- _YOUR TASK_
Copy each line below containing "name".

START DATA FOR THE TASK

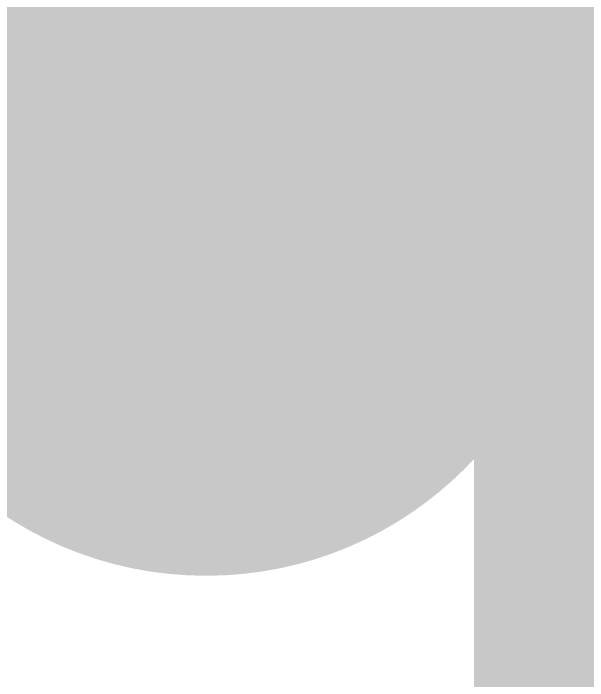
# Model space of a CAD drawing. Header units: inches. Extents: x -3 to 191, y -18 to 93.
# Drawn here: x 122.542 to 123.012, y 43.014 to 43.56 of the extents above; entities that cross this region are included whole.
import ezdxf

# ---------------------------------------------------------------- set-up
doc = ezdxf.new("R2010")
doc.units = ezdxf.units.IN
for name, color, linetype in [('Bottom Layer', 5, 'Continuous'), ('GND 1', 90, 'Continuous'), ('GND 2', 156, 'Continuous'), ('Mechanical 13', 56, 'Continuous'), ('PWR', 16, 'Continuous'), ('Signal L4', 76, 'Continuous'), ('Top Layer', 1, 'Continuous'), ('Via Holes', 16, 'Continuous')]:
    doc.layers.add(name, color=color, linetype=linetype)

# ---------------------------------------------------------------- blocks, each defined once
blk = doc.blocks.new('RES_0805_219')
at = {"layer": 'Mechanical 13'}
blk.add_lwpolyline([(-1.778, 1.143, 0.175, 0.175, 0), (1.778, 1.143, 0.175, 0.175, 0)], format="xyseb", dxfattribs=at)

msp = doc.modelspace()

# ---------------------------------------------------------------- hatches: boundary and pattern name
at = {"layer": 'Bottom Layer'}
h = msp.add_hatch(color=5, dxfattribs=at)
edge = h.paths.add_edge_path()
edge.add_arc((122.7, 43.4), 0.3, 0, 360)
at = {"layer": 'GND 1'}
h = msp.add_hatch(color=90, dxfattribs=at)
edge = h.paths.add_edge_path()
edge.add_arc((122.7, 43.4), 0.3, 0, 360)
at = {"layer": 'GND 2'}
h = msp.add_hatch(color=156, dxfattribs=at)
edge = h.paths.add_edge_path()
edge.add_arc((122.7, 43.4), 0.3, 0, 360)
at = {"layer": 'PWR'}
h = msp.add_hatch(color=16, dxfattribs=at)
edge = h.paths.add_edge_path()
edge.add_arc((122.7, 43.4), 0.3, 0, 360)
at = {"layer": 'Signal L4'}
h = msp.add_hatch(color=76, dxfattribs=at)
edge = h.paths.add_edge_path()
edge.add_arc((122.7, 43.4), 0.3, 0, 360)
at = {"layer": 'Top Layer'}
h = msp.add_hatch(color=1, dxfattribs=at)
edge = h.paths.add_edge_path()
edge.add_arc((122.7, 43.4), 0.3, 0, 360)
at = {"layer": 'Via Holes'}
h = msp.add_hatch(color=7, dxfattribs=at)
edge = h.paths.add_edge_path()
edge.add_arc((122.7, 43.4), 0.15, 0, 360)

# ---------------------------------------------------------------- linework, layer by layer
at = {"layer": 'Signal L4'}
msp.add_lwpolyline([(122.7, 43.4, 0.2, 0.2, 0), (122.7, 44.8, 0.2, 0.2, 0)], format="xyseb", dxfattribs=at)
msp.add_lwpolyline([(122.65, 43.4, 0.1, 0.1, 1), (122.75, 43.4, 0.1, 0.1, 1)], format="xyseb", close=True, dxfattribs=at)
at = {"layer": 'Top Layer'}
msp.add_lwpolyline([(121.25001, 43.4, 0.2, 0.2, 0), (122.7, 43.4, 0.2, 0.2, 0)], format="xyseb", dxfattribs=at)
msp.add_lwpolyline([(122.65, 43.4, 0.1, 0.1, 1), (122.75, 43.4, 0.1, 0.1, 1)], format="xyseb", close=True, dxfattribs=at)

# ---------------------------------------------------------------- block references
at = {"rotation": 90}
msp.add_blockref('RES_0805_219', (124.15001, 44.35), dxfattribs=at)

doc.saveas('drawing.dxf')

END DATA FOR THE TASK

- _EXERCISE SOLUTION_
for name, color, linetype in [('Bottom Layer', 5, 'Continuous'), ('GND 1', 90, 'Continuous'), ('GND 2', 156, 'Continuous'), ('Mechanical 13', 56, 'Continuous'), ('PWR', 16, 'Continuous'), ('Signal L4', 76, 'Continuous'), ('Top Layer', 1, 'Continuous'), ('Via Holes', 16, 'Continuous')]:
    doc.layers.add(name, color=color, linetype=linetype)
# ---------------------------------------------------------------- hatches: boundary and pattern name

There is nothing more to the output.